D. J. Bernstein
Fast arithmetic
djbfft

Complex convolution library interface

djbfft currently supports sizes 2, 4, 8, 16, 32, 64, 128, 256, 512, 1024, 2048, 4096, and 8192. This document focuses on 256 for simplicity.

Single-precision transforms

     #include <fftc4.h>

     complex4 a[256];

     fftc4_256(a);
     fftc4_scale256(a);
     fftc4_un256(a);
fftc4_256 computes a 256-point complex discrete Fourier transform. It evaluates the polynomial
     a[0] + a[1] x + a[2] x^2 + ... + a[255] x^255
at all the 256th roots of 1, and puts the values into a, overwriting the input. (Beware that the results are stored in an unusual order.) Each a[n] is a complex number with 4-byte real part a[n].re and 4-byte imaginary part a[n].im.

To compute the inverse transform, reconstructing a polynomial from its values, call fftc4_scale256 and then fftc4_un256. (fftc4_scale256 multiplies each a[n] by 1/256.)

Note that the position of a in memory can affect performance.

Single-precision convolutions

     #include <fftc4.h>

     complex4 a[256];
     complex4 b[256];

     fftc4_mul256(a,b);
fftc4_mul256 multiplies each a[n] by b[n] and puts the result into a[n].

The sequence of operations

     fftc4_256(a);
     fftc4_256(b);
     fftc4_mul256(a,b);
     fftc4_scale256(a);
     fftc4_un256(a);
convolves a with b: it multiplies the polynomial
     a[0] + a[1] x + a[2] x^2 + ... + a[255] x^255
by
     b[0] + b[1] x + b[2] x^2 + ... + b[255] x^255
modulo x^256-1 and puts the result back into a. The sequence of operations
     fftc4_256(b);
     fftc4_scale256(b);
     fftc4_256(a);
     fftc4_mul256(a,b);
     fftc4_un256(a);
has the same effect. If you have many polynomials to multiply by the same b, you can save time by reusing the transformed (and scaled) b.

Double-precision transforms and convolutions

     #include <fftc8.h>

     complex8 a[256];
     complex8 b[256];

     fftc8_256(a);
     fftc8_scale256(a);
     fftc8_un256(a);

     fftc8_mul256(a,b);
The fftc8 functions are just like the fftc4 functions except that they work with 8-byte floating-point numbers instead of 4-byte floating-point numbers.

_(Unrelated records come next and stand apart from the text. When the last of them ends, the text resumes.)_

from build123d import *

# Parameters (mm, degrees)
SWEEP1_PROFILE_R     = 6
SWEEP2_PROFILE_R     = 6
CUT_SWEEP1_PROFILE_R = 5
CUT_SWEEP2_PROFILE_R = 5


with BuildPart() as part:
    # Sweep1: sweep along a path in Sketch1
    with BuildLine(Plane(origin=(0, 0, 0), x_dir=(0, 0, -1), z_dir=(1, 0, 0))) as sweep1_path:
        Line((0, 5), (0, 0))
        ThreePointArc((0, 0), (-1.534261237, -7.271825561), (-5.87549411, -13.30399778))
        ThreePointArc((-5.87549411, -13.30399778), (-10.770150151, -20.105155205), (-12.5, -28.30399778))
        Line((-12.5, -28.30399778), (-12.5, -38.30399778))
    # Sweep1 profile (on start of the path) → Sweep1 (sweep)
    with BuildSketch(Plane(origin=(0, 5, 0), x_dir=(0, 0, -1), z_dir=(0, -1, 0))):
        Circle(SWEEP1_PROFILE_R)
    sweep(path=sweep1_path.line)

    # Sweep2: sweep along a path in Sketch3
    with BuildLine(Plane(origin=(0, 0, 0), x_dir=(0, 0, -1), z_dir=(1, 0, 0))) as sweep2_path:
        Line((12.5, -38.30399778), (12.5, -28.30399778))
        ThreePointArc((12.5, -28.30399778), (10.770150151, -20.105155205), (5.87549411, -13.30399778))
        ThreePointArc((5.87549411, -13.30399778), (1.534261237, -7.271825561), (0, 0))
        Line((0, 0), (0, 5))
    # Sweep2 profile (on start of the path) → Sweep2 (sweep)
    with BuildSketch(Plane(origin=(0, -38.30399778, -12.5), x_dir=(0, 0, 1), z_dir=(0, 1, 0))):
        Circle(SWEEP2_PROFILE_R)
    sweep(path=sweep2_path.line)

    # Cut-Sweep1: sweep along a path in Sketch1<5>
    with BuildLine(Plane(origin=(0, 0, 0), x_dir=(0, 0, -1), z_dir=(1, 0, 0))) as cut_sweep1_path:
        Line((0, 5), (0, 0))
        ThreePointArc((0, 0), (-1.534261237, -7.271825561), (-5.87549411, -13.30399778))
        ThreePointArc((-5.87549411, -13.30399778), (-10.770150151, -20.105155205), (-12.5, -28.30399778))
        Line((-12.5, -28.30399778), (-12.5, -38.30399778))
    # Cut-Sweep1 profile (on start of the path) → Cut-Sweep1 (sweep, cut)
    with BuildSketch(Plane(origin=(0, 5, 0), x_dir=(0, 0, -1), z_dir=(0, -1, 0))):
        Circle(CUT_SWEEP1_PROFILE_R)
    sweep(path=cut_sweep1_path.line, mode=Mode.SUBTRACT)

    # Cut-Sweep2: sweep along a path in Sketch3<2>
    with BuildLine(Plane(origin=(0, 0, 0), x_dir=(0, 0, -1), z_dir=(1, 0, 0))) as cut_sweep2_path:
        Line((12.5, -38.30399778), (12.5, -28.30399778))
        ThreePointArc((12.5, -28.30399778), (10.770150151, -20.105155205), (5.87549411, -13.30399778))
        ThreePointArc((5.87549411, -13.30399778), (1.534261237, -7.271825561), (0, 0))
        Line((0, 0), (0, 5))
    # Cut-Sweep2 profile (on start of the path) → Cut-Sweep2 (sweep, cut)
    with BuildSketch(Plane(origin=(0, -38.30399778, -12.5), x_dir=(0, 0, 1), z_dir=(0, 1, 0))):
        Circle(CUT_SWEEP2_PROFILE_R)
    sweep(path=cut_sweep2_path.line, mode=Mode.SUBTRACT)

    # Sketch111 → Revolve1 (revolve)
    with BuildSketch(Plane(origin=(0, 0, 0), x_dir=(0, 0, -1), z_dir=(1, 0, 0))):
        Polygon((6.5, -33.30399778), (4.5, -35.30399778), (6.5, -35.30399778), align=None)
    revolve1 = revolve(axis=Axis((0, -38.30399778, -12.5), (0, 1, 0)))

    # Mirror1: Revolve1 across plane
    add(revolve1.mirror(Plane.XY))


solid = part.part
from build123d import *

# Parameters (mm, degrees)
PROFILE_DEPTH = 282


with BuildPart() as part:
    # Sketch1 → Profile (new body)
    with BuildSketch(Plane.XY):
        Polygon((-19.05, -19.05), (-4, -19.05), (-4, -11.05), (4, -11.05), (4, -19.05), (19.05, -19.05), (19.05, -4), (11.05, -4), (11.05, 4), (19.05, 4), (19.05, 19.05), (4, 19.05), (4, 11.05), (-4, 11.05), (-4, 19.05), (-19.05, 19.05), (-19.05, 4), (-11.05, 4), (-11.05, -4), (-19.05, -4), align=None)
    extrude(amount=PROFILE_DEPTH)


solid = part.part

WARNING: Some compilers, notably gcc without the -malign-double option, do not guarantee 8-byte alignment for 8-byte floating-point variables. The Pentium, Pentium II, et al. will slow down dramatically if your arrays are not aligned to 8-byte boundaries.

Frequencies

     #include <fftfreq.h>

     unsigned int n;
     unsigned int f;

     f = fftfreq_c(n,256);
What fftc4_256 and fftc8_256 put into a[n] is the value of the input polynomial at exp(2 pi if/256) where f = fftfreq_c(n,256).